Proteomic Signatures of Adiposity in Middle-Aged Adults: The Atherosclerosis Risk in Communities (ARIC) Study

Background: Excess adiposity is linked to adverse cardiovascular outcomes via direct and indirect effects on metabolic pathways. There is limited large-scale data assessing proteomic signatures of adiposity. Methods: We quantified 4,955 plasma proteins using SomaLogic v4.0 in stored plasma samples of 9,940 ARIC Visit 2 participants (1990-92, mean age: 57±6 years, 55% women, 22% Black adults, 28% with obesity). We used linear regression and Bonferroni-corrected p-values to identify proteins associated with body mass index (BMI) in 2/3 discovery and 1/3 validation samples. We performed additional analyses to assess key pathways associated with obesity.
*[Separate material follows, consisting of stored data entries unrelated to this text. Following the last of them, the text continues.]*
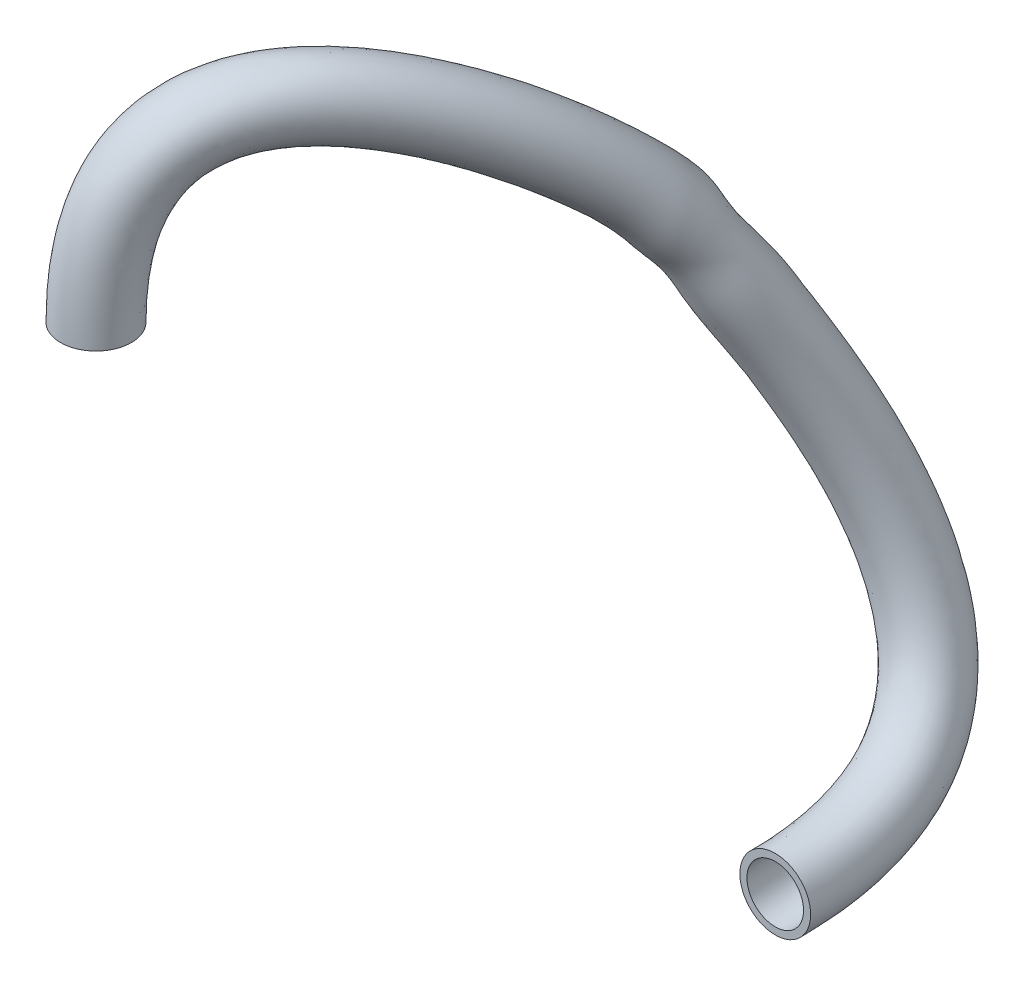
ISO-10303-21;
HEADER;
FILE_DESCRIPTION(('STEP AP214'),'2;1');
FILE_NAME('part.step','',(''),(''),'','','');
FILE_SCHEMA(('AUTOMOTIVE_DESIGN { 1 0 10303 214 1 1 1 1 }'));
ENDSEC;
DATA;
#1=APPLICATION_CONTEXT('core data for automotive mechanical design processes');
#2=APPLICATION_PROTOCOL_DEFINITION('international standard','automotive_design',2000,#1);
#3=PRODUCT_CONTEXT('',#1,'mechanical');
#4=PRODUCT('Part','Part','',(#3));
#5=PRODUCT_RELATED_PRODUCT_CATEGORY('part','',(#4));
#6=PRODUCT_DEFINITION_FORMATION('','',#4);
#7=PRODUCT_DEFINITION_CONTEXT('part definition',#1,'design');
#8=PRODUCT_DEFINITION('design','',#6,#7);
#9=PRODUCT_DEFINITION_SHAPE('','',#8);
#10=(LENGTH_UNIT() NAMED_UNIT(*) SI_UNIT(.MILLI.,.METRE.));
#11=(NAMED_UNIT(*) PLANE_ANGLE_UNIT() SI_UNIT($,.RADIAN.));
#12=(NAMED_UNIT(*) SI_UNIT($,.STERADIAN.) SOLID_ANGLE_UNIT());
#13=UNCERTAINTY_MEASURE_WITH_UNIT(LENGTH_MEASURE(1.E-05),#10,'distance_accuracy_value','');
#14=(GEOMETRIC_REPRESENTATION_CONTEXT(3) GLOBAL_UNCERTAINTY_ASSIGNED_CONTEXT((#13)) GLOBAL_UNIT_ASSIGNED_CONTEXT((#10,
#11,#12)) REPRESENTATION_CONTEXT('',''));
#15=CARTESIAN_POINT('',(0.,0.,0.));
#16=DIRECTION('',(0.,0.,1.));
#17=DIRECTION('',(1.,0.,0.));
#18=AXIS2_PLACEMENT_3D('',#15,#16,#17);
#19=CARTESIAN_POINT('',(14.,-15.5,-9.99999999999995));
#20=DIRECTION('',(0.,0.,1.));
#21=DIRECTION('',(0.789083973003647,-0.614285343752218,0.));
#22=AXIS2_PLACEMENT_3D('',#19,#20,#21);
#23=PLANE('',#22);
#24=CARTESIAN_POINT('',(14.,-15.5,-9.99999999999995));
#25=DIRECTION('',(0.,0.,1.));
#26=DIRECTION('',(0.789083973003647,-0.614285343752218,0.));
#27=AXIS2_PLACEMENT_3D('',#24,#25,#26);
#28=CIRCLE('',#27,1.);
#29=CARTESIAN_POINT('',(14.7890839730036,-16.1142853437522,-9.99999999999994));
#30=VERTEX_POINT('',#29);
#31=EDGE_CURVE('E397',#30,#30,#28,.T.);
#32=ORIENTED_EDGE('',*,*,#31,.F.);
#33=EDGE_LOOP('',(#32));
#34=FACE_BOUND('',#33,.T.);
#35=CARTESIAN_POINT('',(14.,-15.5,-9.99999999999995));
#36=DIRECTION('',(0.,0.,1.));
#37=DIRECTION('',(0.789083973003647,-0.614285343752218,0.));
#38=AXIS2_PLACEMENT_3D('',#35,#36,#37);
#39=CIRCLE('',#38,1.25);
#40=CARTESIAN_POINT('',(14.9863549662545,-16.2678566796903,-9.99999999999994));
#41=VERTEX_POINT('',#40);
#42=EDGE_CURVE('E12',#41,#41,#39,.T.);
#43=ORIENTED_EDGE('',*,*,#42,.T.);
#44=EDGE_LOOP('',(#43));
#45=FACE_BOUND('',#44,.T.);
#46=ADVANCED_FACE('F387',(#34,#45),#23,.T.);
#47=CARTESIAN_POINT('',(0.,0.,0.));
#48=DIRECTION('',(0.,1.,0.));
#49=DIRECTION('',(0.,0.,1.));
#50=AXIS2_PLACEMENT_3D('',#47,#48,#49);
#51=PLANE('',#50);
#52=CARTESIAN_POINT('',(0.,0.,0.));
#53=DIRECTION('',(0.,1.,0.));
#54=DIRECTION('',(0.,0.,1.));
#55=AXIS2_PLACEMENT_3D('',#52,#53,#54);
#56=CIRCLE('',#55,1.);
#57=CARTESIAN_POINT('',(0.,0.,1.));
#58=VERTEX_POINT('',#57);
#59=EDGE_CURVE('E416',#58,#58,#56,.T.);
#60=ORIENTED_EDGE('',*,*,#59,.T.);
#61=EDGE_LOOP('',(#60));
#62=FACE_BOUND('',#61,.T.);
#63=CARTESIAN_POINT('',(0.,0.,0.));
#64=DIRECTION('',(0.,1.,0.));
#65=DIRECTION('',(0.,0.,1.));
#66=AXIS2_PLACEMENT_3D('',#63,#64,#65);
#67=CIRCLE('',#66,1.25);
#68=CARTESIAN_POINT('',(0.,0.,1.25));
#69=VERTEX_POINT('',#68);
#70=EDGE_CURVE('E420',#69,#69,#67,.T.);
#71=ORIENTED_EDGE('',*,*,#70,.F.);
#72=EDGE_LOOP('',(#71));
#73=FACE_BOUND('',#72,.T.);
#74=ADVANCED_FACE('F432',(#62,#73),#51,.F.);
#75=CARTESIAN_POINT('',(0.,0.,1.25));
#76=CARTESIAN_POINT('',(0.000443159797817283,0.600432614982434,1.24900960001782));
#77=CARTESIAN_POINT('',(0.0311438299072186,1.70824203480459,1.19527922970763));
#78=CARTESIAN_POINT('',(0.172108050697637,3.15001153602846,0.950047574269966));
#79=CARTESIAN_POINT('',(0.387865478221217,4.2771495488151,0.575264200533966));
#80=CARTESIAN_POINT('',(0.65473647429474,5.14867232651583,0.112071346721281));
#81=CARTESIAN_POINT('',(0.947192517956339,5.80559858182057,-0.395256930318224));
#82=CARTESIAN_POINT('',(1.28423247697856,6.32445185948775,-0.979659325308274));
#83=CARTESIAN_POINT('',(1.77693727554934,6.82713809198644,-1.833655684593));
#84=CARTESIAN_POINT('',(2.44043443387204,7.11869980432711,-2.98305764842713));
#85=CARTESIAN_POINT('',(3.25559449789904,7.06206211016763,-4.39493210630585));
#86=CARTESIAN_POINT('',(4.074153277781,6.71295581559429,-5.81133675757498));
#87=CARTESIAN_POINT('',(5.21386823932525,5.91552908532776,-7.79081468461486));
#88=CARTESIAN_POINT('',(6.62441283422166,4.43784721036875,-10.1969261045626));
#89=CARTESIAN_POINT('',(7.44977058523145,3.15429014822095,-11.7844069540515));
#90=CARTESIAN_POINT('',(8.16477577719259,2.05687583284689,-12.8753265309124));
#91=CARTESIAN_POINT('',(8.59787514451698,1.36132699933438,-13.373649716726));
#92=CARTESIAN_POINT('',(8.37636995382083,0.370275762379769,-14.2718001755615));
#93=CARTESIAN_POINT('',(8.27905558322766,-0.972530647124541,-15.3682116993445));
#94=CARTESIAN_POINT('',(9.82371979772082,-3.18924197608111,-16.2542848622035));
#95=CARTESIAN_POINT('',(10.7839132195536,-5.97221141947634,-17.4402366823719));
#96=CARTESIAN_POINT('',(11.7491475828968,-8.290393669503,-17.9960993735494));
#97=CARTESIAN_POINT('',(12.4654845221077,-10.068813081878,-18.1754493505048));
#98=CARTESIAN_POINT('',(13.0701186004497,-11.5560016181267,-18.0193147739162));
#99=CARTESIAN_POINT('',(13.5490318024737,-12.736076883405,-17.6147652043025));
#100=CARTESIAN_POINT('',(13.9084304398311,-13.6207299344259,-17.1070974446474));
#101=CARTESIAN_POINT('',(14.2314354189671,-14.4153874385595,-16.3995861882586));
#102=CARTESIAN_POINT('',(14.5042996756602,-15.0861383922094,-15.4945219768148));
#103=CARTESIAN_POINT('',(14.7187059968212,-15.612702942376,-14.4040934545537));
#104=CARTESIAN_POINT('',(14.8722505107489,-15.9893254782395,-13.1356568613964));
#105=CARTESIAN_POINT('',(14.9653099183771,-16.2170975925243,-11.6825325410541));
#106=CARTESIAN_POINT('',(14.9859255166746,-16.2671126919445,-10.58685250763));
#107=CARTESIAN_POINT('',(14.9863549662546,-16.2678566796903,-9.99999999999992));
#108=CARTESIAN_POINT('',(-2.5,0.,1.25));
#109=CARTESIAN_POINT('',(-2.49889937425142,0.647989125137163,1.24761359768785));
#110=CARTESIAN_POINT('',(-2.4668837722405,1.85091156526878,1.19109122271773));
#111=CARTESIAN_POINT('',(-2.30844009070488,3.48309620995854,0.91475390825515));
#112=CARTESIAN_POINT('',(-2.05455331666513,4.81810933820954,0.473112173350324));
#113=CARTESIAN_POINT('',(-1.72655610028666,5.89203332739887,-0.0967423924698728));
#114=CARTESIAN_POINT('',(-1.35743439539171,6.72214911622659,-0.73759541636114));
#115=CARTESIAN_POINT('',(-0.927062225836374,7.38435792485332,-1.48441349372848));
#116=CARTESIAN_POINT('',(-0.301111082320269,8.0211143985897,-2.57026974025606));
#117=CARTESIAN_POINT('',(0.516383262294226,8.37223407003032,-3.98799802000307));
#118=CARTESIAN_POINT('',(1.46128809312117,8.29729094540743,-5.62759986732182));
#119=CARTESIAN_POINT('',(2.36709082972953,7.902727284087,-7.20055175718432));
#120=CARTESIAN_POINT('',(3.58662056870041,7.02772943455003,-9.32980582876691));
#121=CARTESIAN_POINT('',(5.06058079345582,5.46278752988492,-11.8877088470656));
#122=CARTESIAN_POINT('',(5.83686255106693,4.01094040536335,-13.4344947800626));
#123=CARTESIAN_POINT('',(6.62101991585282,2.82117785019294,-14.7547364329108));
#124=CARTESIAN_POINT('',(7.15889812996085,2.07825567469364,-15.554358975196));
#125=CARTESIAN_POINT('',(6.38112861261878,0.264778695834172,-15.4919630148561));
#126=CARTESIAN_POINT('',(5.6858142347917,-1.88023604397857,-15.5640533410813));
#127=CARTESIAN_POINT('',(7.70728695017192,-3.38612243001059,-17.5947248010407));
#128=CARTESIAN_POINT('',(8.6060654349124,-6.4640610293508,-18.5718670431698));
#129=CARTESIAN_POINT('',(9.65826823176036,-8.90782078825622,-19.2227108235649));
#130=CARTESIAN_POINT('',(10.4466964659898,-10.8699358023006,-19.4208861223505));
#131=CARTESIAN_POINT('',(11.1453289562584,-12.5812536434253,-19.251708987618));
#132=CARTESIAN_POINT('',(11.7202301964145,-13.995986247747,-18.7704193952943));
#133=CARTESIAN_POINT('',(12.1612584565046,-15.0800573366071,-18.1507842583149));
#134=CARTESIAN_POINT('',(12.5605472166317,-16.0612370881549,-17.2782654641548));
#135=CARTESIAN_POINT('',(12.8937637320378,-16.8792906678598,-16.1733483735124));
#136=CARTESIAN_POINT('',(13.1482988330897,-17.5034133983972,-14.8776264198416));
#137=CARTESIAN_POINT('',(13.3242637842605,-17.9340436679777,-13.4223217799363));
#138=CARTESIAN_POINT('',(13.4277590014835,-18.1863683261242,-11.808434402019));
#139=CARTESIAN_POINT('',(13.449599638123,-18.2386762248172,-10.6288197946183));
#140=CARTESIAN_POINT('',(13.450641606874,-18.2405666121994,-9.99999999999991));
#141=CARTESIAN_POINT('',(-2.5,0.,-1.25));
#142=CARTESIAN_POINT('',(-2.49978569384706,0.56542843298809,-1.25040560234779));
#143=CARTESIAN_POINT('',(-2.4695427310274,1.60322948882155,-1.3029663773892));
#144=CARTESIAN_POINT('',(-2.34066940332165,2.90460339553119,-1.5266464567897));
#145=CARTESIAN_POINT('',(-2.15227059866531,3.87828217907819,-1.85344287890481));
#146=CARTESIAN_POINT('',(-1.92976258548091,4.60015332830115,-2.23921671809532));
#147=CARTESIAN_POINT('',(-1.69319099405263,5.12874336635376,-2.64920641235525));
#148=CARTESIAN_POINT('',(-1.42434009872335,5.54090503045819,-3.1149444540686));
#149=CARTESIAN_POINT('',(-1.02910852575782,5.94281090163018,-3.79930007873528));
#150=CARTESIAN_POINT('',(-0.478443258830474,6.1867877790496,-4.75223231803015));
#151=CARTESIAN_POINT('',(0.241321709147487,6.13601676400761,-5.99602544699452));
#152=CARTESIAN_POINT('',(0.99426677895588,5.80947705784494,-7.29694127108048));
#153=CARTESIAN_POINT('',(2.07273591904288,5.03888698114728,-9.1495933141251));
#154=CARTESIAN_POINT('',(3.40733165052187,3.59871494245321,-11.4945472342134));
#155=CARTESIAN_POINT('',(4.27296363027447,2.20635780883425,-12.8135467771453));
#156=CARTESIAN_POINT('',(4.82887283026031,1.19774288144875,-13.9504410592704));
#157=CARTESIAN_POINT('',(5.04320982075595,0.665076856385629,-14.6187605696505));
#158=CARTESIAN_POINT('',(5.41312277770412,-1.02666401248296,-13.7870381147185));
#159=CARTESIAN_POINT('',(5.93584457747973,-3.12299466755062,-13.1246103954002));
#160=CARTESIAN_POINT('',(6.63944540653696,-4.67025091396364,-15.7126740218722));
#161=CARTESIAN_POINT('',(7.76097997594678,-7.53054530339216,-16.4671303777481));
#162=CARTESIAN_POINT('',(8.64189719588144,-9.70622031040905,-17.0765177210036));
#163=CARTESIAN_POINT('',(9.30839861060821,-11.3576851310056,-17.2369491187045));
#164=CARTESIAN_POINT('',(9.84329769733056,-12.6785696977009,-17.1022028898235));
#165=CARTESIAN_POINT('',(10.2522142432538,-13.6875665515043,-16.7574404453483));
#166=CARTESIAN_POINT('',(10.5520093477935,-14.4266290599819,-16.3346671774815));
#167=CARTESIAN_POINT('',(10.8194398303304,-15.0854172417957,-15.750235494615));
#168=CARTESIAN_POINT('',(11.0484791151594,-15.6492201595348,-14.9934349841328));
#169=CARTESIAN_POINT('',(11.2339644994342,-16.1054947317963,-14.0548671010616));
#170=CARTESIAN_POINT('',(11.3716270316408,-16.4438924583573,-12.9244268523968));
#171=CARTESIAN_POINT('',(11.4576257664542,-16.6551188932182,-11.5898588089878));
#172=CARTESIAN_POINT('',(11.4777486047738,-16.7044508409282,-10.5559612636079));
#173=CARTESIAN_POINT('',(11.4779316743649,-16.7048532528188,-9.99999999999994));
#174=CARTESIAN_POINT('',(0.,0.,-1.25));
#175=CARTESIAN_POINT('',(-0.000443159797817134,0.517871922833361,-1.24900960001782));
#176=CARTESIAN_POINT('',(0.028484871120315,1.46055995835736,-1.2987783703993));
#177=CARTESIAN_POINT('',(0.139878738080873,2.57151872160111,-1.49135279077489));
#178=CARTESIAN_POINT('',(0.290148196221044,3.33732238968375,-1.75129085172117));
#179=CARTESIAN_POINT('',(0.451529989100484,3.85679232741811,-2.03040297890417));
#180=CARTESIAN_POINT('',(0.611435919295422,4.21219283194774,-2.30686792631234));
#181=CARTESIAN_POINT('',(0.78695460409159,4.48099896509264,-2.61019028564839));
#182=CARTESIAN_POINT('',(1.04893983211178,4.74883459502692,-3.06268602307222));
#183=CARTESIAN_POINT('',(1.44560791274734,4.9332535133464,-3.74729194645421));
#184=CARTESIAN_POINT('',(2.03562811392535,4.90078792876781,-4.76335768597856));
#185=CARTESIAN_POINT('',(2.70132922700736,4.61970558935223,-5.90772627147114));
#186=CARTESIAN_POINT('',(3.69998358966772,3.92668663192501,-7.61060216997305));
#187=CARTESIAN_POINT('',(4.97116369128772,2.57377462293705,-9.80376449171041));
#188=CARTESIAN_POINT('',(5.885871664439,1.34970755169185,-11.1634589511342));
#189=CARTESIAN_POINT('',(6.37262869160007,0.433440864102697,-12.071031157272));
#190=CARTESIAN_POINT('',(6.48218683531208,-0.0518518189736274,-12.4380513111805));
#191=CARTESIAN_POINT('',(7.40836411890617,-0.921166945937365,-12.5668752754239));
#192=CARTESIAN_POINT('',(8.52908592591569,-2.2152892706966,-12.9287687536634));
#193=CARTESIAN_POINT('',(8.75587825408587,-4.47337046003416,-14.3722340830349));
#194=CARTESIAN_POINT('',(9.93882776058795,-7.0386956935177,-15.3355000169502));
#195=CARTESIAN_POINT('',(10.7327765470179,-9.08879319165583,-15.849906270988));
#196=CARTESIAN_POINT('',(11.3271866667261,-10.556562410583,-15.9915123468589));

Results: In the discovery sample (28% with obesity), after adjusting for age, sex, race-center, eGFR, 1,312 proteins were significantly associated with BMI. After further adjustments for clinical and lifestyle risk factors (Figure), 975 proteins were significantly associated with BMI (p<10 -5 ). There were 713 proteins confirmed in the validation sample (p<0.05/975). Among the confirmed proteins, there were >500 proteins that did not have previously described BMI associations in population studies (including serine protease HTRA1, seizure 6-like protein) as well as proteins with known BMI associations (including leptin, fatty acid binding proteins, insulin-like growth factor-binding proteins). Acute phase response, atherosclerosis signaling, hepatic fibrosis, pancreatic cancer and lipid metabolism were among the top biological pathways overrepresented by the proteins associated with BMI (Figure). The upstream regulators of these proteins included interleukins (IL-17A, IL-13, IL-4), as well as tumor necrosis factor (TNF), which was activated. Conclusion: We discovered several novel proteins associated with adiposity and confirmed previously identified proteins. Alteration in the plasma proteome related to adiposity is linked to differential regulation of inflammatory and metabolic pathways independent of cardiovascular risk mediators.